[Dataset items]
---+---
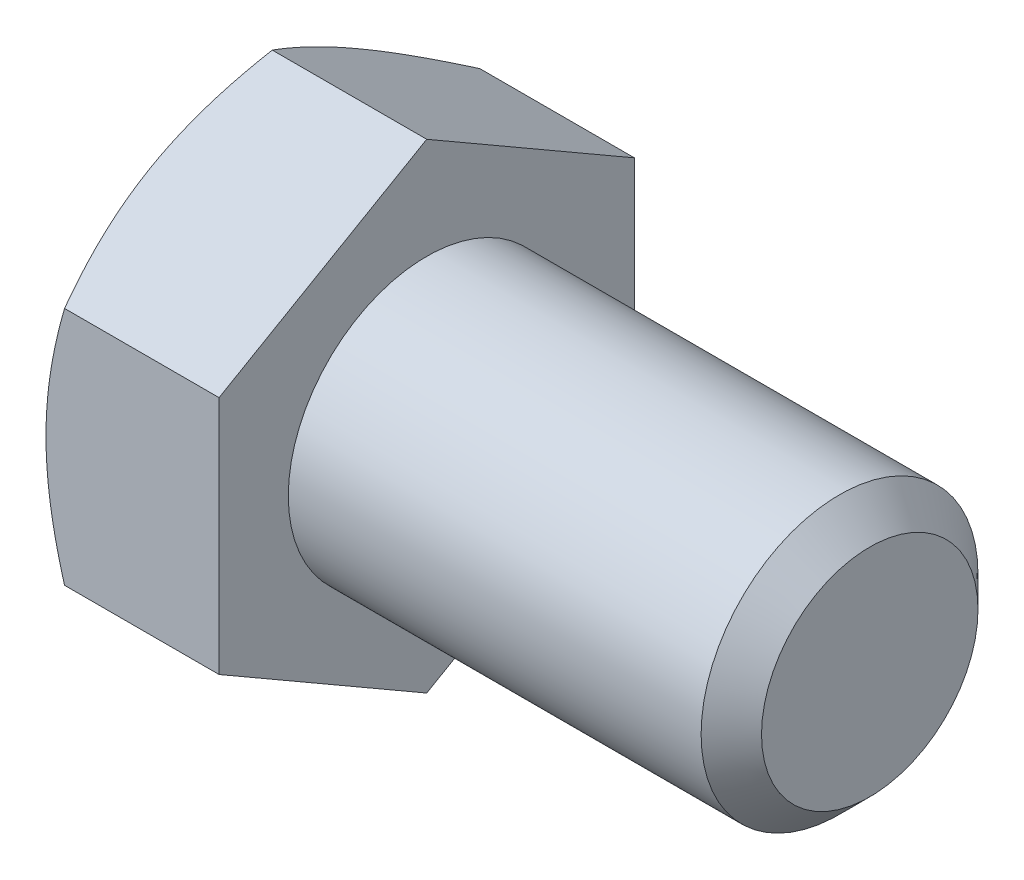
ISO-10303-21;
HEADER;
FILE_DESCRIPTION(('STEP AP214'),'2;1');
FILE_NAME('part.step','',(''),(''),'','','');
FILE_SCHEMA(('AUTOMOTIVE_DESIGN { 1 0 10303 214 1 1 1 1 }'));
ENDSEC;
DATA;
#1=APPLICATION_CONTEXT('core data for automotive mechanical design processes');
#2=APPLICATION_PROTOCOL_DEFINITION('international standard','automotive_design',2000,#1);
#3=PRODUCT_CONTEXT('',#1,'mechanical');
#4=PRODUCT('Part','Part','',(#3));
#5=PRODUCT_RELATED_PRODUCT_CATEGORY('part','',(#4));
#6=PRODUCT_DEFINITION_FORMATION('','',#4);
#7=PRODUCT_DEFINITION_CONTEXT('part definition',#1,'design');
#8=PRODUCT_DEFINITION('design','',#6,#7);
#9=PRODUCT_DEFINITION_SHAPE('','',#8);
#10=(LENGTH_UNIT() NAMED_UNIT(*) SI_UNIT(.MILLI.,.METRE.));
#11=(NAMED_UNIT(*) PLANE_ANGLE_UNIT() SI_UNIT($,.RADIAN.));
#12=(NAMED_UNIT(*) SI_UNIT($,.STERADIAN.) SOLID_ANGLE_UNIT());
#13=UNCERTAINTY_MEASURE_WITH_UNIT(LENGTH_MEASURE(1.E-05),#10,'distance_accuracy_value','');
#14=(GEOMETRIC_REPRESENTATION_CONTEXT(3) GLOBAL_UNCERTAINTY_ASSIGNED_CONTEXT((#13)) GLOBAL_UNIT_ASSIGNED_CONTEXT((#10,
#11,#12)) REPRESENTATION_CONTEXT('',''));
#15=CARTESIAN_POINT('',(0.,0.,0.));
#16=DIRECTION('',(0.,0.,1.));
#17=DIRECTION('',(1.,0.,0.));
#18=AXIS2_PLACEMENT_3D('',#15,#16,#17);
#19=CARTESIAN_POINT('',(-17.6609375,-6.87407664253899,11.90625));
#20=DIRECTION('',(0.,0.,-1.));
#21=DIRECTION('',(-1.,0.,0.));
#22=AXIS2_PLACEMENT_3D('',#19,#20,#21);
#23=PLANE('',#22);
#24=CARTESIAN_POINT('',(-11.6983109266214,-18.7772218205503,11.90625));
#25=CARTESIAN_POINT('',(-11.8257583832551,-18.5158354897771,11.90625));
#26=CARTESIAN_POINT('',(-11.9525934779157,-18.2541507199369,11.90625));
#27=CARTESIAN_POINT('',(-12.2049008250829,-17.7301221221741,11.90625));
#28=CARTESIAN_POINT('',(-12.3303730647936,-17.467778288092,11.90625));
#29=CARTESIAN_POINT('',(-12.7045694499173,-16.6795991897897,11.90625));
#30=CARTESIAN_POINT('',(-12.9510377236248,-16.1526890226135,11.90625));
#31=CARTESIAN_POINT('',(-13.4377865658701,-15.0927248953816,11.90625));
#32=CARTESIAN_POINT('',(-13.6780287586066,-14.5596532720591,11.90625));
#33=CARTESIAN_POINT('',(-14.1490923927283,-13.4893779810417,11.90625));
#34=CARTESIAN_POINT('',(-14.3799142595246,-12.9521745012417,11.90625));
#35=CARTESIAN_POINT('',(-14.8373074478187,-11.8544133465978,11.90625));
#36=CARTESIAN_POINT('',(-15.0634666996025,-11.2936831131682,11.90625));
#37=CARTESIAN_POINT('',(-15.4994141642614,-10.1657754256603,11.90625));
#38=CARTESIAN_POINT('',(-15.7092005847877,-9.59859727348685,11.90625));
#39=CARTESIAN_POINT('',(-16.1071202172178,-8.4578727593714,11.90625));
#40=CARTESIAN_POINT('',(-16.2952946616349,-7.88434089249067,11.90625));
#41=CARTESIAN_POINT('',(-16.6441726177729,-6.72900365882738,11.90625));
#42=CARTESIAN_POINT('',(-16.8048844557365,-6.14720085781889,11.90625));
#43=CARTESIAN_POINT('',(-17.0192630164799,-5.26975884963066,11.90625));
#44=CARTESIAN_POINT('',(-17.0861220054402,-4.97732530698046,11.90625));
#45=CARTESIAN_POINT('',(-17.2101737537244,-4.39040451361311,11.90625));
#46=CARTESIAN_POINT('',(-17.267366696036,-4.09591730188382,11.90625));
#47=CARTESIAN_POINT('',(-17.3710969326411,-3.50507073805768,11.90625));
#48=CARTESIAN_POINT('',(-17.4176345106605,-3.20871143602591,11.90625));
#49=CARTESIAN_POINT('',(-17.4991389343129,-2.6144072694984,11.90625));
#50=CARTESIAN_POINT('',(-17.5341062538852,-2.31646247045567,11.90625));
#51=CARTESIAN_POINT('',(-17.5913188666794,-1.72343014702121,11.90625));
#52=CARTESIAN_POINT('',(-17.613730479768,-1.42835876821268,11.90625));
#53=CARTESIAN_POINT('',(-17.6460429444085,-0.837532164616394,11.90625));
#54=CARTESIAN_POINT('',(-17.6559440126664,-0.541776951762824,11.90625));
#55=CARTESIAN_POINT('',(-17.66299814625,0.0498900771026859,11.90625));
#56=CARTESIAN_POINT('',(-17.6601511405493,0.345801893977965,11.90625));
#57=CARTESIAN_POINT('',(-17.6417819063079,0.937234824328524,11.90625));
#58=CARTESIAN_POINT('',(-17.62625911627,1.23275591991524,11.90625));
#59=CARTESIAN_POINT('',(-17.5747499938461,1.93361141110705,11.90625));
#60=CARTESIAN_POINT('',(-17.5332714162141,2.33855153268826,11.90625));
#61=CARTESIAN_POINT('',(-17.428707328606,3.14561014398731,11.90625));
#62=CARTESIAN_POINT('',(-17.3656191456599,3.54772827836109,11.90625));
#63=CARTESIAN_POINT('',(-17.1472706380464,4.74927526762175,11.90625));
#64=CARTESIAN_POINT('',(-16.9629591081591,5.54350507595654,11.90625));
#65=CARTESIAN_POINT('',(-16.6409428101219,6.73176932461939,11.90625));
#66=CARTESIAN_POINT('',(-16.5244083585998,7.13189689477012,11.90625));
#67=CARTESIAN_POINT('',(-16.2786408125562,7.92827150501895,11.90625));
#68=CARTESIAN_POINT('',(-16.1494076191541,8.32451851487406,11.90625));
#69=CARTESIAN_POINT('',(-15.8803651397193,9.11324994675125,11.90625));
#70=CARTESIAN_POINT('',(-15.7405587808335,9.50573537649753,11.90625));
#71=CARTESIAN_POINT('',(-15.452074221942,10.2874106596633,11.90625));
#72=CARTESIAN_POINT('',(-15.3033962317092,10.6766005907578,11.90625));
#73=CARTESIAN_POINT('',(-14.8889342485984,11.7312027633438,11.90625));
#74=CARTESIAN_POINT('',(-14.615900351469,12.3937631906751,11.90625));
#75=CARTESIAN_POINT('',(-14.0535954119244,13.7119837854872,11.90625));
#76=CARTESIAN_POINT('',(-13.7643225072077,14.3676431512684,11.90625));
#77=CARTESIAN_POINT('',(-13.1734132974516,15.6736609985504,11.90625));
#78=CARTESIAN_POINT('',(-12.8717721370412,16.3240172757676,11.90625));
#79=CARTESIAN_POINT('',(-12.2591092932324,17.620247338022,11.90625));
#80=CARTESIAN_POINT('',(-11.948088006186,18.2661213110418,11.90625));
#81=CARTESIAN_POINT('',(-11.3182048158751,19.5553426390711,11.90625));
#82=CARTESIAN_POINT('',(-10.9993308622046,20.1986840939835,11.90625));
#83=CARTESIAN_POINT('',(-10.3557656991429,21.4824527079599,11.90625));
#84=CARTESIAN_POINT('',(-10.0310744394496,22.1228798417637,11.90625));
#85=CARTESIAN_POINT('',(-9.37709843477089,23.4011999735386,11.90625));
#86=CARTESIAN_POINT('',(-9.04781473862017,24.0390935087297,11.90625));
#87=CARTESIAN_POINT('',(-8.38544954318028,25.3129009144794,11.90625));
#88=CARTESIAN_POINT('',(-8.05236805659013,25.9488147916486,11.90625));
#89=CARTESIAN_POINT('',(-7.12015249604064,27.7180307819919,11.90625));
#90=CARTESIAN_POINT('',(-6.51761405583556,28.8495387236042,11.90625));
#91=CARTESIAN_POINT('',(-5.30533612668338,31.1087745049665,11.90625));
#92=CARTESIAN_POINT('',(-4.69559618068544,32.236502098898,11.90625));
#93=CARTESIAN_POINT('',(-3.47284694487996,34.4851874135602,11.90625));
#94=CARTESIAN_POINT('',(-2.85985596551435,35.6061550972182,11.90625));
#95=CARTESIAN_POINT('',(-1.93733123744413,37.2858774098767,11.90625));
#96=CARTESIAN_POINT('',(-1.62932900566449,37.8454742841365,11.90625));
#97=CARTESIAN_POINT('',(-1.01241722629891,38.9641668226993,11.90625));
#98=CARTESIAN_POINT('',(-0.703507679836878,39.5232624876221,11.90625));
#99=CARTESIAN_POINT('',(-0.394200833252019,40.0821383241844,11.90625));
#100=B_SPLINE_CURVE_WITH_KNOTS('',3,(#24,#25,#26,#27,#28,#29,#30,#31,#32,#33,#34,#35,#36,#37,
#38,#39,#40,#41,#42,#43,#44,#45,#46,#47,#48,#49,#50,#51,#52,#53,#54,#55,#56,#57,#58,#59,#60,#61,
#62,#63,#64,#65,#66,#67,#68,#69,#70,#71,#72,#73,#74,#75,#76,#77,#78,#79,#80,#81,#82,#83,#84,#85,
#86,#87,#88,#89,#90,#91,#92,#93,#94,#95,#96,#97,#98,#99),.UNSPECIFIED.,.F.,.F.,(4,2,2,2,2,2,2,2,
2,2,2,2,2,2,2,2,2,2,2,2,2,2,2,2,2,2,2,2,2,2,2,2,2,2,2,2,2,4),(0.,0.872403820379927,
1.74481582466604,3.48988256497024,5.24393083208546,6.99789980054986,8.81156709625109,
10.6254326580858,12.4357780289765,14.2455735532143,15.1453771860194,16.0451637827662,
16.9449264176478,17.8446521920104,18.7321594384487,19.619651311404,20.507148129058,
21.3946842621433,22.6151782011098,23.8358231619315,26.2782867397697,27.5284299401181,
28.7785828756662,30.0283909685039,31.2781695208875,33.4276822788816,35.5774420502025,
37.7280539815674,39.8785751669937,42.0326321377131,44.1867077434857,46.3402991990204,
48.4938834554972,52.3396542760515,56.1856704980939,60.0185346247368,61.9348133105576,
63.8510896236465),.UNSPECIFIED.);
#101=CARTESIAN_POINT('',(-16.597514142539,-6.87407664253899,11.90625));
---+---
● **Activity**: Filter the entries above down to the lines that hold the word "UNSPECIFIED", and copy those lines.

● **Solution for this problem**:
#86,#87,#88,#89,#90,#91,#92,#93,#94,#95,#96,#97,#98,#99),.UNSPECIFIED.,.F.,.F.,(4,2,2,2,2,2,2,2,
63.8510896236465),.UNSPECIFIED.);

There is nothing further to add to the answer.